DDR3 memory technology
15
System memory bandwidth
By removing the front side bus and moving the memory controllers onto the processors, the newer
system architectures eliminate some of the previous memory bottlenecks. The maximum theoretical
memory bandwidth is unattainable in practice, because it represents an idealized scenario in which
all memory channels operate at full throughput all the time.
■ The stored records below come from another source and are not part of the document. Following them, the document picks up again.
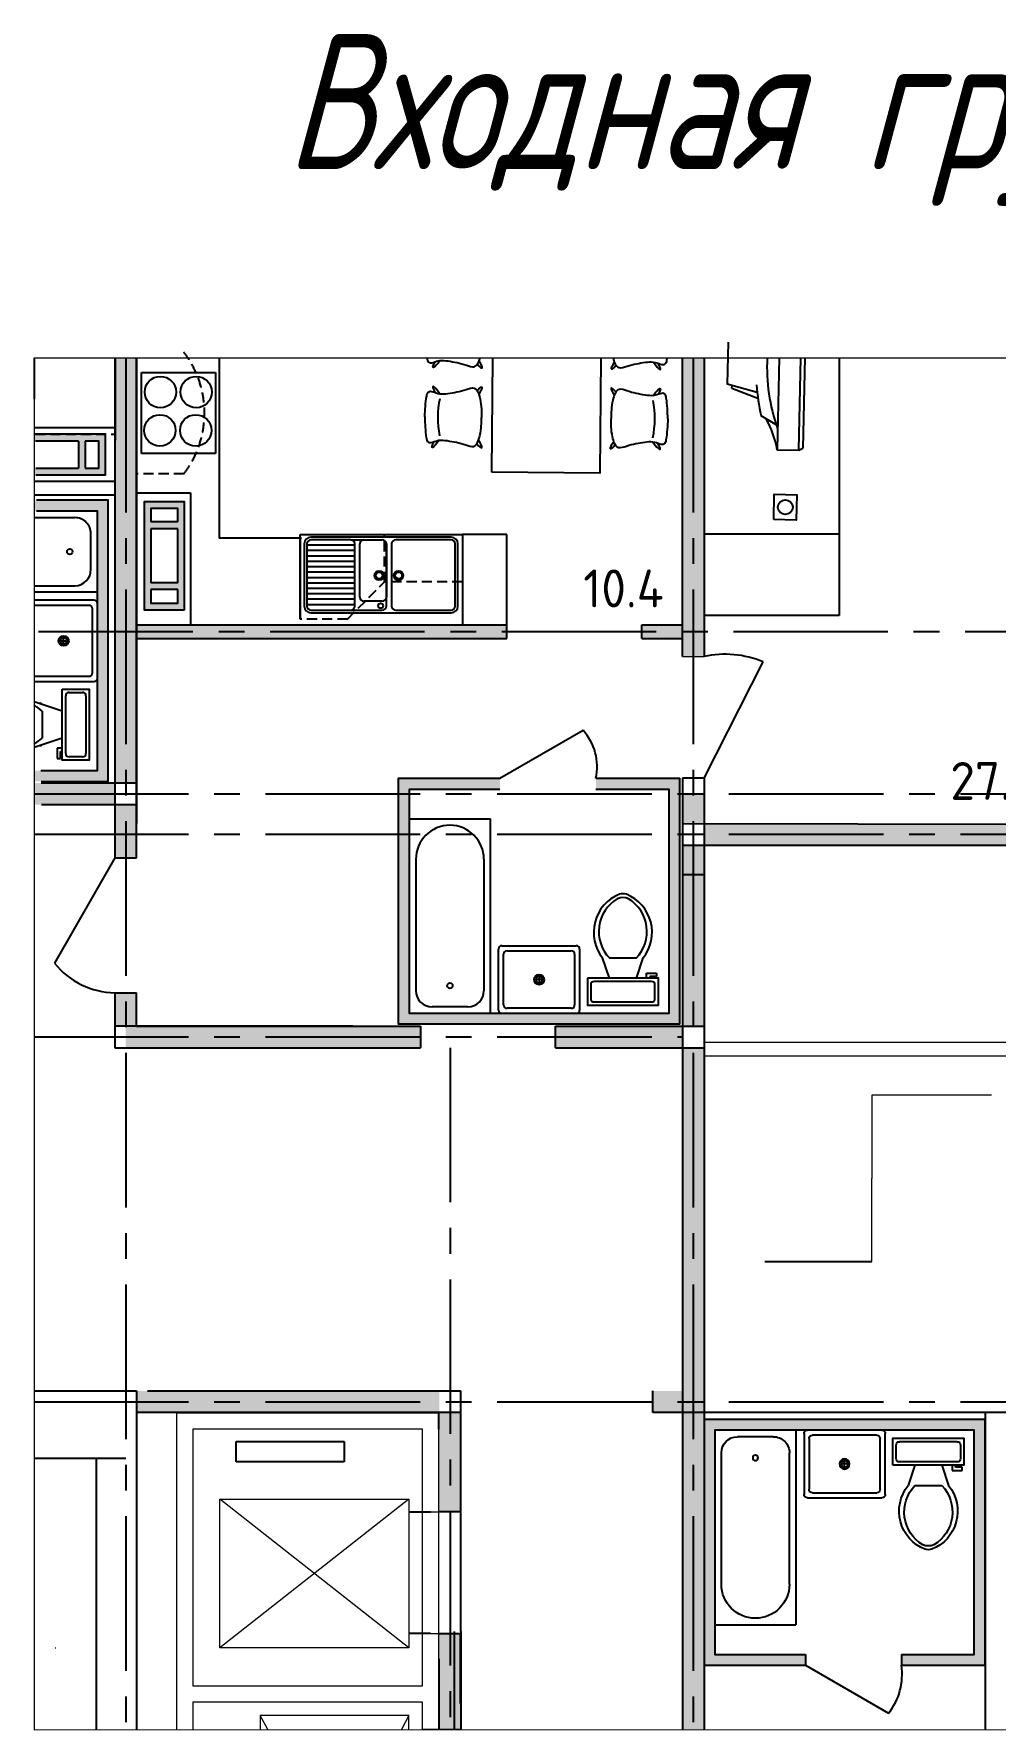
# Model space of a CAD drawing. Header units: millimetres. Extents: x -257254 to 390979, y -202328 to 355504.
# Drawn here: x 200262 to 207376, y 41963 to 54515 of the extents above; entities that cross this region are included whole.
import ezdxf

# ---------------------------------------------------------------- set-up
doc = ezdxf.new("R2010")
doc.units = ezdxf.units.MM
for name, pattern in [('CENTER2', [28.575, 19.05, -3.175, 3.175, -3.175]), ('DASHED', [70, 50, -20]), ('DASHED2', [0.375, 0.25, -0.125]), ('ELGO_LTYPE0', [0])]:
    doc.linetypes.add(name, pattern=pattern)
doc.layers.get('0').update_dxf_attribs({"lineweight": 25})
for name, color, linetype in [('MEBEL', 7, 'DASHED'), ('МЕБЕЛЬ', 104, 'Continuous'), ('оси', 1, 'CENTER2'), ('разрез', 40, 'Continuous')]:
    doc.layers.add(name, color=color, linetype=linetype)
for name, color, linetype, lineweight in [('Аннотации', 3, 'Continuous', 15), ('покрытия', 6, 'Continuous', 18), ('Стены внутренние', 40, 'Continuous', 9)]:
    doc.layers.add(name, color=color, linetype=linetype, lineweight=lineweight)
doc.styles.add('ATTR', font='romans.shx', dxfattribs={"width": 0.8, "height": 1})
doc.styles.get("Standard").update_dxf_attribs({"font": 'GOST_Common.ttf'})

# ---------------------------------------------------------------- blocks, each defined once
blk = doc.blocks.new('Tank Toilet 3 PV')
for p, q in [((9.5, -6), (9.5, -2)), ((-10, -8.5), (-8, -8.5)), ((-10, -9.5), (-10, -8.5)), ((-7, -9.5), (-10, -9.5)), ((-8, -8.5), (-8, -8)), ((-7, -8), (-7, -9.5)), ((-4, -8), (-6, -14)), ((4, -8), (6, -14)), ((4, -14), (-4, -14))]:
    blk.add_line(p, q)
blk.add_lwpolyline([(10.5, -8), (10.5, 0), (-10.5, 0), (-10.5, -8)], close=True)
for points in [[(-9.5, -2), (-9.5, -6)], [(8.5, -1), (-8.5, -1)], [(-8.5, -7), (8.5, -7)]]:
    blk.add_lwpolyline(points)
for centre, radius, start, end in [((-8.62, -1.88), 0.884, 81.8699, 188.1301), ((8.62, -1.88), 0.884, 351.8699, 98.1301), ((-8.62, -6.12), 0.884, 171.8699, 278.1301), ((8.62, -6.12), 0.884, 261.8699, 8.1301), ((3.52, -21.58), 12.17, 141.4691, 247.9714), ((4.2, -21.82), 11.33, 136.3677, 238.9468), ((-3.52, -21.58), 12.17, 292.0284, 38.5307), ((-4.2, -21.82), 11.33, 301.053, 43.6321), ((0, -27.88), 4, 245.7318, 294.2682), ((0, -29), 4, 254.8605, 285.1395)]:
    blk.add_arc(centre, radius, start, end)
at = {"style": 'ATTR', "width": 0.8, "flags": 9}
blk.add_attdef('ESTCODE', (0, 0), '', height=0.000000846, dxfattribs=at)
blk = doc.blocks.new('Utility Sink')
for p, q in [((-0.999995, -10), (1.000005, -10)), ((0.000005, -11), (0.000005, -9))]:
    blk.add_line(p, q)
for points in [[(-10.999995, 0), (10.999995, 0)], [(-11.999995, -19), (-11.999995, -1)], [(-10.499995, -17.5), (-10.499995, -2.5)], [(-9.499995, -1.5), (9.499995, -1.5)], [(10.499995, -2.5), (10.499995, -17.5)], [(11.999995, -1), (11.999995, -19)], [(10.999995, -20), (-10.999995, -20)], [(9.499995, -18.5), (-9.499995, -18.5)]]:
    blk.add_lwpolyline(points)
for radius in [1.5, 1]:
    blk.add_circle((0.000005, -10), radius)
for centre, start, end in [((-11.124995, -0.875), 81.8699, 188.1301), ((11.124995, -0.875), 351.8699, 98.1301), ((-9.624995, -2.375), 81.8699, 188.1301), ((9.624995, -2.375), 351.8699, 98.1301), ((-11.124995, -19.125), 171.8699, 278.1301), ((-9.624995, -17.625), 171.8699, 278.1301), ((9.624995, -17.625), 261.8699, 8.130102), ((11.124995, -19.125), 261.8699, 8.130102)]:
    blk.add_arc(centre, 0.883883, start, end)
at = {"style": 'ATTR', "width": 0.8, "flags": 9}
blk.add_attdef('ESTCODE', (0, 0), '', height=0.000048, dxfattribs=at)
blk = doc.blocks.new('A$C441F25BF')
at = {"layer": 'MEBEL', "linetype": 'ByBlock'}
for p, q in [((26, -1765), (26, 35)), ((26, 35), (776, 35)), ((776, -1765), (776, 35)), ((86, -340), (86, -1555)), ((716, -340), (716, -1555)), ((566, -1705), (236, -1705)), ((776, -1765), (26, -1765))]:
    blk.add_line(p, q, dxfattribs=at)
blk.add_circle((401, -1509), 25, dxfattribs=at)
for centre, radius, start, end in [((401, -340), 315, 0.001, 180.001), ((236, -1555), 150, 180.001, 270.001), ((566, -1555), 150, 270.001, 0.001)]:
    blk.add_arc(centre, radius, start, end, dxfattribs=at)
blk = doc.blocks.new('вентблок')
for p, q in [((-250, 250), (-250, 50)), ((-200, 250), (-200, 50)), ((200, 250), (200, 50)), ((250, 250), (250, 50))]:
    blk.add_line(p, q)
blk.add_lwpolyline([(400, 300), (-400, 300), (-400, 0), (400, 0)], close=True)
for points in [[(-250, 250), (-350, 250), (-350, 50), (-250, 50)], [(200, 250), (-200, 250)], [(250, 50), (350, 50), (350, 250), (250, 250)], [(-200, 50), (200, 50)]]:
    blk.add_lwpolyline(points)

msp = doc.modelspace()

# ---------------------------------------------------------------- hatches: boundary and pattern name
h = msp.add_hatch(color=256)
h.dxf.hatch_style = 1
h.paths.add_polyline_path([(200942.55576, 52117.53182), (200862.55576, 52117.53182), (200862.55576, 48972.12772), (200942.55576, 48972.12772)])
h.paths.add_polyline_path([(201022.55576, 49972.12772), (201022.55576, 52117.53182), (200942.55576, 52117.53182), (200942.55576, 48972.12772), (201022.55576, 48972.12772)])
h = msp.add_hatch(color=256)
h.dxf.hatch_style = 1
h.paths.add_polyline_path([(205142.55576, 52117.53182), (205062.55576, 52117.53182), (205062.55576, 50472.12772), (205062.55576, 50092.12772), (205142.55576, 50092.12772)])
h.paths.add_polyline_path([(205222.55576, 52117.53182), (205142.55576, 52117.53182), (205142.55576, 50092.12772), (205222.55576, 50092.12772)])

Using NUMA architectures, 2P ProLiant
servers can achieve improved measured memory throughput relative to their theoretical maximums.
See Table 6 for details.
Table 6: Theoretical maximum versus measured memory throughput for 2P ProLiant servers
Theoretical maximum
memory bandwidth
Measured maximum memory
throughput
Intel-based 2P ProLiant G5 25.6 GB/s (RDIMMs)
38.4 GB/s (FBDIMMs)
12 GB/s
Intel-based 2P ProLiant G6/G7 64 GB/s 40 GB/s
Intel-based 2P ProLiant
Gen8
102.4 GB/s 88.6 GB/s
NUMA architecture also allows the 4P ProLiant G7 servers to deliver significantly increased memory
bandwidth (Table 7).
Table 7: Theoretical maximum memory throughput for 4P ProLiant servers
Theoretical maximum memory
bandwidth
Intel-based 4P ProLiant G5 38.4 GB/s (FBDIMMs)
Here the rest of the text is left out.